Molecular approaches to discover marine natural products anticancer leads-An update from a drug discovery group collaboration

Author(s): Crews P, Gewick WH, Schmitz FJ, France D, Bair KW, et al.


This paper outlines the results of a collaborative program begun in 1990 under the NIH National Cooperative Drug Discovery Group (NCDDG) program. It involves the unified research of a multi-institutional group from both academic and corporate laboratories. Our working hypothesis is that targets identified through basic molecular and cell biology studies are relevant for the treatment of human cancers. Thus, a broad range of primary biochemical assays have guided the examination of extracts obtained from marine organisms (both collected and cultured) and purified marine natural products. The goal is to discover small molecules effective against these biological targets. An ever-changing panel of assays focus on a number of cancer relevant targets associated with the cell cycle, signal transduction, angiogenesis or apoptosis. A massive library of materials has been assembled for evaluation in the screens and it consists of more than 900 compounds and 16,000 extracts.
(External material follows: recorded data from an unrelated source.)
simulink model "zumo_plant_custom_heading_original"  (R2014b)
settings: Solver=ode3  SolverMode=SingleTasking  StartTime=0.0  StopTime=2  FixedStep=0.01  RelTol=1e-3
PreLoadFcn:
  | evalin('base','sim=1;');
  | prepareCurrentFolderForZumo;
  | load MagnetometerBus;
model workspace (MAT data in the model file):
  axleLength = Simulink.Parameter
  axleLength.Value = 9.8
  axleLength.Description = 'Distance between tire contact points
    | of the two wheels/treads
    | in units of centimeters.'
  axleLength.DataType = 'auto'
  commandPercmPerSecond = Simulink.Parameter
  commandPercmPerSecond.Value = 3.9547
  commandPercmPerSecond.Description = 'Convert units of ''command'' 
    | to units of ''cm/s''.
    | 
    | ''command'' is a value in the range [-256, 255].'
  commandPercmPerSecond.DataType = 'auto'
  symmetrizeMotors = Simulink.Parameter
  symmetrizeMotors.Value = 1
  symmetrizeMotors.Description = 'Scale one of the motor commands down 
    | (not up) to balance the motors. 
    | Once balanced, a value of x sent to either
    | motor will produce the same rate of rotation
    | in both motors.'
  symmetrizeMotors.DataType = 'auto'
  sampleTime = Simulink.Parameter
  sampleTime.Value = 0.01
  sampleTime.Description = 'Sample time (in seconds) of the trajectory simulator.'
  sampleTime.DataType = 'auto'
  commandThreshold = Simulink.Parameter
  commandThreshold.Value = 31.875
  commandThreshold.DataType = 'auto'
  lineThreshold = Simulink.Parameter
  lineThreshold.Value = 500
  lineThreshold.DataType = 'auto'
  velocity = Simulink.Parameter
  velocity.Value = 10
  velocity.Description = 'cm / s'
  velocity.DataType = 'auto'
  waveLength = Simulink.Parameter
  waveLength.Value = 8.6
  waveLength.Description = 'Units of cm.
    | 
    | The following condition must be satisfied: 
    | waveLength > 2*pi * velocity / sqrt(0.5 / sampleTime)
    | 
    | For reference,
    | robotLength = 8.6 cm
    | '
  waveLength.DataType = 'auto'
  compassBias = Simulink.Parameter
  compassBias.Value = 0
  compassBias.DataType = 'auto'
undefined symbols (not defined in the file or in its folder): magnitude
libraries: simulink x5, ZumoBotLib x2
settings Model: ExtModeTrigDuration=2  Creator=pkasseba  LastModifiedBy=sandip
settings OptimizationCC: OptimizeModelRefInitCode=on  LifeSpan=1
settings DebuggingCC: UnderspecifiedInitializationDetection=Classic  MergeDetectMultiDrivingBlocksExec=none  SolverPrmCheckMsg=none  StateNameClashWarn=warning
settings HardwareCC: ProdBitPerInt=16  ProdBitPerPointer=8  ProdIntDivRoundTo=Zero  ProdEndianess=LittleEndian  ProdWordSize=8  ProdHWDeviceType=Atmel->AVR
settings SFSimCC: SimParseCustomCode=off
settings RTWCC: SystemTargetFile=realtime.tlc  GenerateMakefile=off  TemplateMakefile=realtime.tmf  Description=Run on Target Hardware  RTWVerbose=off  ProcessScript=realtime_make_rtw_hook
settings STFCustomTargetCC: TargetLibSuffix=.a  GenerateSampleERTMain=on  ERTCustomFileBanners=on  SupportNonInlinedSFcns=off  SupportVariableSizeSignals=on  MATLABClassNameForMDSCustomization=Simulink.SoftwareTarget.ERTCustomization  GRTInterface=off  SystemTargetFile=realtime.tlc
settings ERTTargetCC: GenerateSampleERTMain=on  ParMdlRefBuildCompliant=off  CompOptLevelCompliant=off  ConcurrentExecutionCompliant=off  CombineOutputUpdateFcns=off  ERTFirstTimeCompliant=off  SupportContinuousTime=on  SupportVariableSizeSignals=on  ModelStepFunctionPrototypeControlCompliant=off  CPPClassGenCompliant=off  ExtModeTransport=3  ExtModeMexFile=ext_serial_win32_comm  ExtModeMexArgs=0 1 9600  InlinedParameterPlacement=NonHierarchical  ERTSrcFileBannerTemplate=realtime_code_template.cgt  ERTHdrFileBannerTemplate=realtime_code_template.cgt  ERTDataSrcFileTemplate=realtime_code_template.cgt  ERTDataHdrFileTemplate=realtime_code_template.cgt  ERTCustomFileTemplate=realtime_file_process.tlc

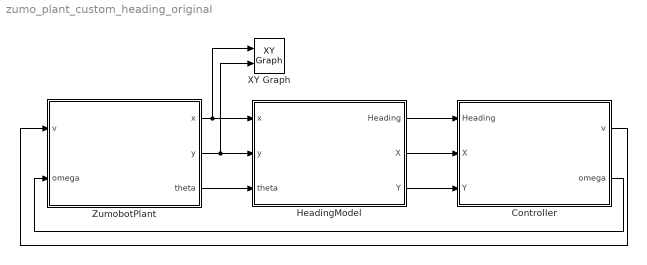
== system zumo_plant_custom_heading_original ==
  Controller : Subsystem
  HeadingModel : Subsystem  Variant=on
  XY Graph : simulink/Sinks/XY Graph  xmin=-10  xmax=50  ymin=-10  ymax=50  st=-1
  ZumobotPlant : Subsystem  Variant=on
  wires:
  Controller/1(v) -> ZumobotPlant/1(v)
  ZumobotPlant/1(x) -> XY Graph/1, HeadingModel/1(x)
  ZumobotPlant/2(y) -> XY Graph/2, HeadingModel/2(y)
  HeadingModel/1(Heading) -> Controller/1(Heading)
  Controller/2(omega) -> ZumobotPlant/2(omega)
  ZumobotPlant/3(theta) -> HeadingModel/3(theta)
  HeadingModel/2(X) -> Controller/2(X)
  HeadingModel/3(Y) -> Controller/3(Y)

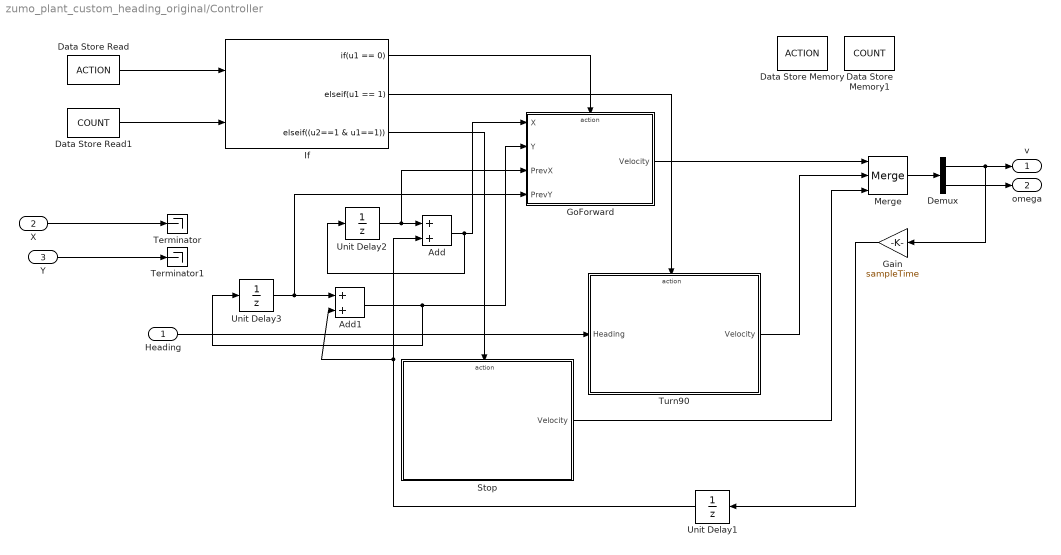
== system zumo_plant_custom_heading_original/Controller ==
  Heading : Inport
  X : Inport  Port=2
  Y : Inport  Port=3
  Add : Sum
  Add1 : Sum
  Data Store Memory : DataStoreMemory  DataStoreName=ACTION  ReadBeforeWriteMsg=warning  WriteAfterWriteMsg=warning  WriteAfterReadMsg=warning
  Data Store Memory1 : DataStoreMemory  DataStoreName=COUNT  ReadBeforeWriteMsg=warning  WriteAfterWriteMsg=warning  WriteAfterReadMsg=warning
  Data Store Read : DataStoreRead  DataStoreName=ACTION  SampleTime=sampleTime
  Data Store Read1 : DataStoreRead  DataStoreName=COUNT  SampleTime=sampleTime
  Demux : Demux  Outputs=2
  Gain : Gain  Gain=sampleTime
  GoForward : Subsystem  TreatAsAtomicUnit=on
  If : If  NumInputs=2  IfExpression=u1 == 0  ElseIfExpressions=u1 == 1, (u2==1 & u1==1)  ShowElse=off
  Merge : Merge  Inputs=3  InitialOutput=[0,0]
  Stop : Subsystem  TreatAsAtomicUnit=on
  Terminator : Terminator
  Terminator1 : Terminator
  Turn90 : Subsystem  TreatAsAtomicUnit=on
  Unit Delay1 : UnitDelay  SampleTime=-1
  Unit Delay2 : UnitDelay  SampleTime=-1
  Unit Delay3 : UnitDelay  SampleTime=-1
  v : Outport
  omega : Outport  Port=2
  wires:
  Demux/1 -> Gain/1, v/1
  Data Store Read/1 -> If/1
  If/1 -> GoForward/Action
  Heading/1 -> Turn90/1(Heading)
  If/2 -> Turn90/Action
  Data Store Read1/1 -> If/2
  If/3 -> Stop/Action
  GoForward/1(Velocity) -> Merge/1
  Turn90/1(Velocity) -> Merge/2
  Stop/1(Velocity) -> Merge/3
  Merge/1 -> Demux/1
  Demux/2 -> omega/1
  Gain/1 -> Unit Delay1/1
  Unit Delay2/1 -> GoForward/3(PrevX), Add/1
  Add/1 -> Unit Delay2/1, GoForward/1(X)
  Unit Delay3/1 -> GoForward/4(PrevY), Add1/1
  Add1/1 -> Unit Delay3/1, GoForward/2(Y)
  X/1 -> Terminator/1
  Y/1 -> Terminator1/1
  Unit Delay1/1 -> Add1/2, Add/2

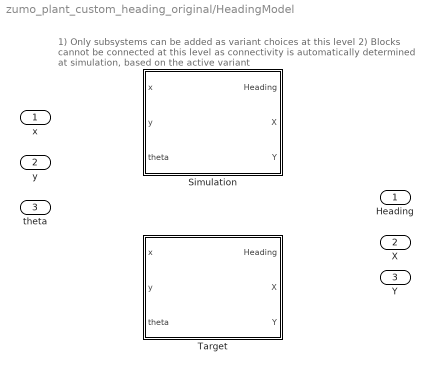
== system zumo_plant_custom_heading_original/HeadingModel ==
  note: 1) Only subsystems can be added as variant choices at this level
      | 2) Blocks cannot be connected at this level as connectivity is
      | automatically determined at simulation, based on the active variant
  x : Inport
  y : Inport  Port=2
  theta : Inport  Port=3
  Simulation : Subsystem  VariantControl=sim==1
  Target : Subsystem  VariantControl=sim==0
  Heading : Outport
  X : Outport  Port=2
  Y : Outport  Port=3

== system zumo_plant_custom_heading_original/ZumobotPlant ==
  note: 1) Only subsystems can be added as variant choices at this level
      | 2) Blocks cannot be connected at this level as connectivity is
      | automatically determined at simulation, based on the active variant
  v : Inport
  omega : Inport  Port=2
  Simulation : Subsystem  VariantControl=sim==1
  Target : Subsystem  VariantControl=sim==0
  x : Outport
  y : Outport  Port=2
  theta : Outport  Port=3

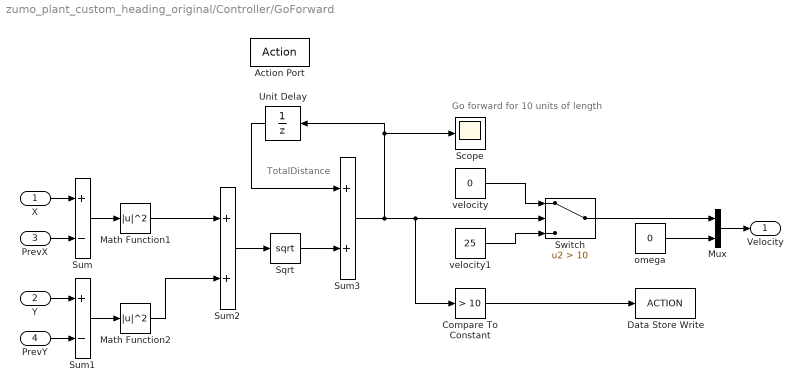
== system zumo_plant_custom_heading_original/Controller/GoForward ==
  note: Go forward for 10 units of length
  note: TotalDistance
  X : Inport
  Y : Inport  Port=2
  PrevX : Inport  Port=3
  PrevY : Inport  Port=4
  Action Port : ActionPort  InitializeStates=reset  ActionType=then
  Compare To Constant : simulink/Logic and Bit Operations/Compare To Constant  relop=>  const=10  OutDataTypeStr=boolean
  Data Store Write : DataStoreWrite  DataStoreName=ACTION
  Math Function1 : Math  Operator=magnitude^2  SaturateOnIntegerOverflow=on
  Math Function2 : Math  Operator=magnitude^2  SaturateOnIntegerOverflow=on
  Mux : Mux  Inputs=2
  Scope : Scope
      settings: YMin=0  YMax=50
  Sqrt : Sqrt  SaturateOnIntegerOverflow=on
  Sum : Sum  Inputs=+-
  Sum1 : Sum  Inputs=+-
  Sum2 : Sum
  Sum3 : Sum
  Switch : Switch  Criteria=u2 > Threshold  Threshold=10
  Unit Delay : UnitDelay  SampleTime=-1
  omega : Constant  Value=0
  velocity : Constant  Value=0
  velocity1 : Constant  Value=25
  Velocity : Outport  InitialOutput=[0 0]
  wires:
  X/1 -> Sum/1
  PrevX/1 -> Sum/2
  Y/1 -> Sum1/1
  PrevY/1 -> Sum1/2
  Sum/1 -> Math Function1/1
  Sum1/1 -> Math Function2/1
  Sum2/1 -> Sqrt/1
  Math Function2/1 -> Sum2/2
  Math Function1/1 -> Sum2/1
  Sqrt/1 -> Sum3/2
  Unit Delay/1 -> Sum3/1
  Mux/1 -> Velocity/1
  velocity/1 -> Switch/1
  velocity1/1 -> Switch/3
  Switch/1 -> Mux/1
  omega/1 -> Mux/2
  Compare To Constant/1 -> Data Store Write/1
  Sum3/1 -> Scope/1, Unit Delay/1, Compare To Constant/1, Switch/2

== system zumo_plant_custom_heading_original/Controller/Stop ==
  Action Port : ActionPort  InitializeStates=reset  ActionType=elseif
  Mux : Mux  Inputs=2
  omega : Constant  Value=0
  speed : Constant  Value=0
  Velocity : Outport  InitialOutput=[ 0 0 ]
  wires:
  Mux/1 -> Velocity/1
  speed/1 -> Mux/1
  omega/1 -> Mux/2

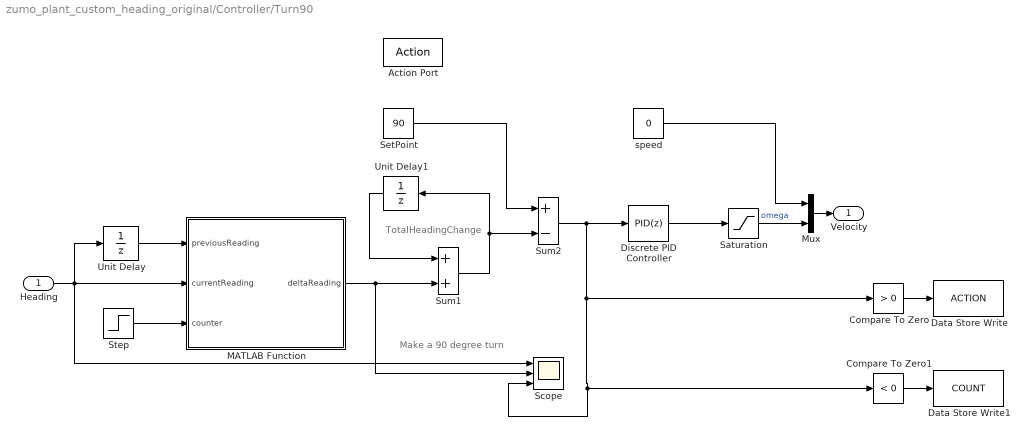
== system zumo_plant_custom_heading_original/Controller/Turn90 ==
  note: Make a 90 degree turn
  note: TotalHeadingChange
  Heading : Inport
  Action Port : ActionPort  InitializeStates=reset  ActionType=elseif
  Compare To Zero : simulink/Logic and Bit Operations/Compare To Zero  relop=>  OutDataTypeStr=boolean
  Compare To Zero1 : simulink/Logic and Bit Operations/Compare To Zero  relop=<  OutDataTypeStr=boolean
  Data Store Write : DataStoreWrite  DataStoreName=ACTION
  Data Store Write1 : DataStoreWrite  DataStoreName=COUNT
  Discrete PID Controller : simulink/Continuous/PID Controller  Controller=PID  TimeDomain=Discrete-time  SampleTime=0.01  IntegratorMethod=Forward Euler  FilterMethod=Forward Euler  Form=Parallel  P=100  I=0  D=0  N=100  InitialConditionSource=internal  InitialConditionForIntegrator=0  InitialConditionForFilter=0  ExternalReset=none  LimitOutput=off  UpperSaturationLimit=inf  LowerSaturationLimit=-inf  LinearizeAsGain=off  AntiWindupMode=none  Kb=1  TrackingMode=off  Kt=1  PParamMin=[]  PParamMax=[]  IParamMin=[]  IParamMax=[]  DParamMin=[]  DParamMax=[]  NParamMin=[]  NParamMax=[]  KbParamMin=[]  KbParamMax=[]  KtParamMin=[]  KtParamMax=[]  POutMin=[]  POutMax=[]  IOutMin=[]  IOutMax=[]  DOutMin=[]  DOutMax=[]  NOutMin=[]  NOutMax=[]  KbOutMin=[]  KbOutMax=[]  KtOutMin=[]  KtOutMax=[]  IntegratorOutMin=[]  IntegratorOutMax=[]  FilterOutMin=[]  FilterOutMax=[]  SumOutMin=[]  SumOutMax=[]  SumI1OutMin=[]  SumI1OutMax=[]  SumI2OutMin=[]  SumI2OutMax=[]  SumI3OutMin=[]  SumI3OutMax=[]  SumDOutMin=[]  SumDOutMax=[]  SaturationOutMin=[]  SaturationOutMax=[]  IntegratorContinuousStateAttributes=''  IntegratorStateMustResolveToSignalObject=off  IntegratorRTWStateStorageClass=Auto  FilterContinuousStateAttributes=''  FilterStateMustResolveToSignalObject=off  FilterRTWStateStorageClass=Auto  DifferentiatorICPrevScaledInput=0  DifferentiatorOutMin=[]  DifferentiatorOutMax=[]  UseFilter=on
  MATLAB Function : MATLAB Function  TreatAsAtomicUnit=on
  Mux : Mux  Inputs=2
  Saturation : Saturate  UpperLimit=200  LowerLimit=0
  Scope : Scope  NumInputPorts=3
      settings: YMin=252.7~-1~-4.2  YMax=279.3~1~-3.8
  SetPoint : Constant  Value=90
  Step : Step  Time=2*sampleTime  SampleTime=sampleTime
  Sum1 : Sum
  Sum2 : Sum  Inputs=+-
  Unit Delay : UnitDelay  SampleTime=-1
  Unit Delay1 : UnitDelay  SampleTime=-1
  speed : Constant  Value=0
  Velocity : Outport  InitialOutput=[0 0]
  wires:
  Sum2/1 -> Discrete PID Controller/1, Scope/3, Compare To Zero1/1, Compare To Zero/1
  Saturation/1 -> Mux/2  "omega"
  Sum1/1 -> Unit Delay1/1, Sum2/2
  MATLAB Function/1(deltaReading) -> Scope/2, Sum1/2
  SetPoint/1 -> Sum2/1
  Step/1 -> MATLAB Function/3(counter)
  Unit Delay/1 -> MATLAB Function/1(previousReading)
  Heading/1 -> Unit Delay/1, MATLAB Function/2(currentReading), Scope/1
  Unit Delay1/1 -> Sum1/1
  Mux/1 -> Velocity/1
  speed/1 -> Mux/1
  Compare To Zero/1 -> Data Store Write/1
  Compare To Zero1/1 -> Data Store Write1/1
  Discrete PID Controller/1 -> Saturation/1

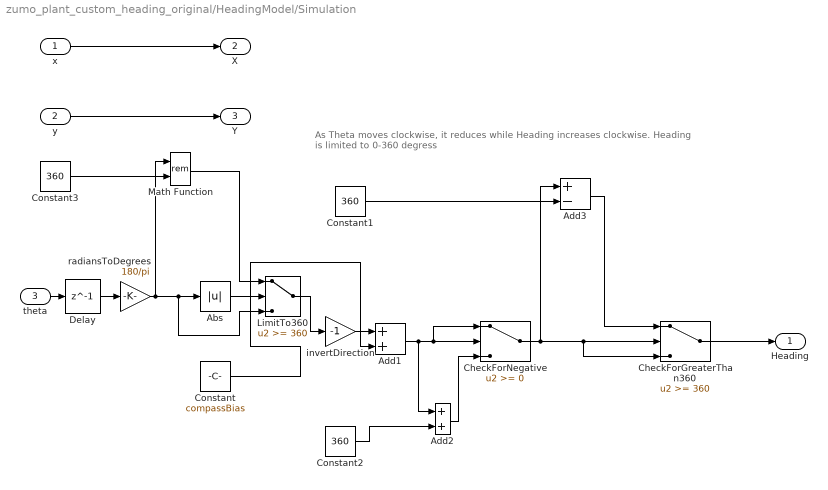
== system zumo_plant_custom_heading_original/HeadingModel/Simulation ==
  note: As Theta moves clockwise, it reduces while Heading increases clockwise.
      | Heading is limited to 0-360 degress
  x : Inport
  y : Inport  Port=2
  theta : Inport  Port=3
  Abs : Abs
  Add1 : Sum
  Add2 : Sum
  Add3 : Sum  Inputs=+-
  CheckForGreaterThan360 : Switch  Threshold=360
  CheckForNegative : Switch
  Constant : Constant  Value=compassBias
  Constant1 : Constant  Value=360
  Constant2 : Constant  Value=360
  Constant3 : Constant  Value=360
  Delay : Delay  DelayLength=1  InitialCondition=2*pi  SampleTime=sampleTime
  LimitTo360 : Switch  Threshold=360
  Math Function : Math  Operator=rem  SaturateOnIntegerOverflow=on
  invertDirection : Gain  Gain=-1
  radiansToDegrees : Gain  Gain=180/pi
  Heading : Outport
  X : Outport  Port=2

We believe that these samples have enormous potential for chemodiveristy and progress to date supports this contention. The first part of the paper focuses on highlights from the period 1995–1999. The two most important developments were that the bengamide and the psammaplin families provided important insights leading to the development of two compounds, LAF-389 and NVP-LAQ824. These were both advanced to Phase I anti-cancer clinical trials. A sampling of recent discoveries, including current leads in development is also discussed. Attention then turns to new technologies and strategies aimed at shortening the time interval from an initial lead candidate discovery to assessment of its future therapeutic potential.